Extracted records:

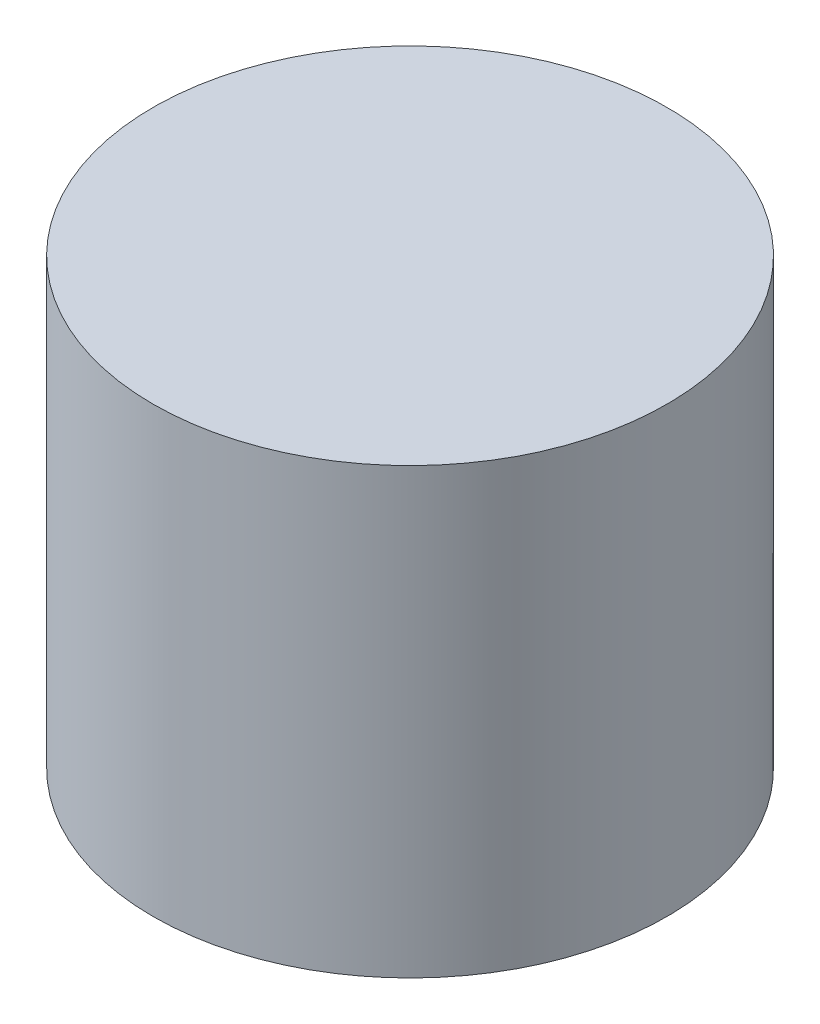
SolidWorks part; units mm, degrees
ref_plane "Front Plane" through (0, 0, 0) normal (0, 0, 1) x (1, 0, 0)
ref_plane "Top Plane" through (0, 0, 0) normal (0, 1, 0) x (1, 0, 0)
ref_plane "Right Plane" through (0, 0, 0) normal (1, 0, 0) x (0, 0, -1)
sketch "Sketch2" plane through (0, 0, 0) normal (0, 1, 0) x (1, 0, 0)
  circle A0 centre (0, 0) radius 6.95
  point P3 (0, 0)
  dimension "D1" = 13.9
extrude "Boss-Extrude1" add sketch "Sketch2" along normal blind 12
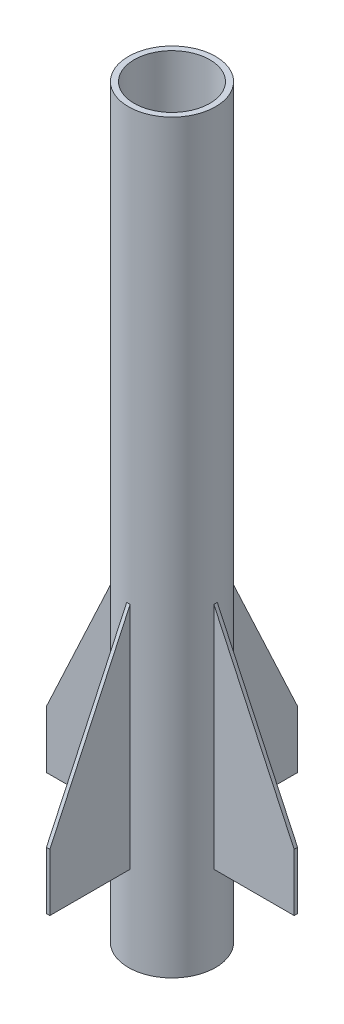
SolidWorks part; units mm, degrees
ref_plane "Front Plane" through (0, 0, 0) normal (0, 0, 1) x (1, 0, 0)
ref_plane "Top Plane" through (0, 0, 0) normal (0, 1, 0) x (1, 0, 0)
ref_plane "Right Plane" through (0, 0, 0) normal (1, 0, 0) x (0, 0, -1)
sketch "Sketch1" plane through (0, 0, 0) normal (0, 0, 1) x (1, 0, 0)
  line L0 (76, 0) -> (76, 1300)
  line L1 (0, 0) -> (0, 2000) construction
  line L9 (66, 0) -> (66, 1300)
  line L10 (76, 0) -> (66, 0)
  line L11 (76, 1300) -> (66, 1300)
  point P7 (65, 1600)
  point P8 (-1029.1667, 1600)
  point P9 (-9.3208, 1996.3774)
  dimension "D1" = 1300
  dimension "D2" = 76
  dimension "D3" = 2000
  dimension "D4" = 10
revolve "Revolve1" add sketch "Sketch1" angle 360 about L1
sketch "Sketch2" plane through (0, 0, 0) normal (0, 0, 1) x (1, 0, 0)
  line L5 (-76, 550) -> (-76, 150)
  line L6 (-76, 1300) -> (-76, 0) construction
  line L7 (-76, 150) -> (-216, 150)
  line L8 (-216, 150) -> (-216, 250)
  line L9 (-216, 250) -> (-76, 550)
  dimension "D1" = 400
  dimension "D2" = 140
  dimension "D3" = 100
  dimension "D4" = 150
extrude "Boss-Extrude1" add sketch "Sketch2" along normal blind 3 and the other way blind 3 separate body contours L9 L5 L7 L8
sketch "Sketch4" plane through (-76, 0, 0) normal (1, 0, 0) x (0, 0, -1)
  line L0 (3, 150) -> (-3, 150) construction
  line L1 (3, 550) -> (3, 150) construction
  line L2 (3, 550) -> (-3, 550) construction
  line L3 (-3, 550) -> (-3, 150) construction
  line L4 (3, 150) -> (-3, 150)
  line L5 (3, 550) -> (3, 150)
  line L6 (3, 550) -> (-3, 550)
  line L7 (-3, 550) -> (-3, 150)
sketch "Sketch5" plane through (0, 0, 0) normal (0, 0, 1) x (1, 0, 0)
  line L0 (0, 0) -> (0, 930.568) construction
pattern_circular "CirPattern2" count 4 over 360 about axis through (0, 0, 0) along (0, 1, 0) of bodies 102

▸ Your instructions
Using the entries above, copy exactly the lines from the one containing "line L0 (0, 0) -> (0, 930.568) construction" through the last, both included.

▸ Written solution
  line L0 (0, 0) -> (0, 930.568) construction
pattern_circular "CirPattern2" count 4 over 360 about axis through (0, 0, 0) along (0, 1, 0) of bodies 102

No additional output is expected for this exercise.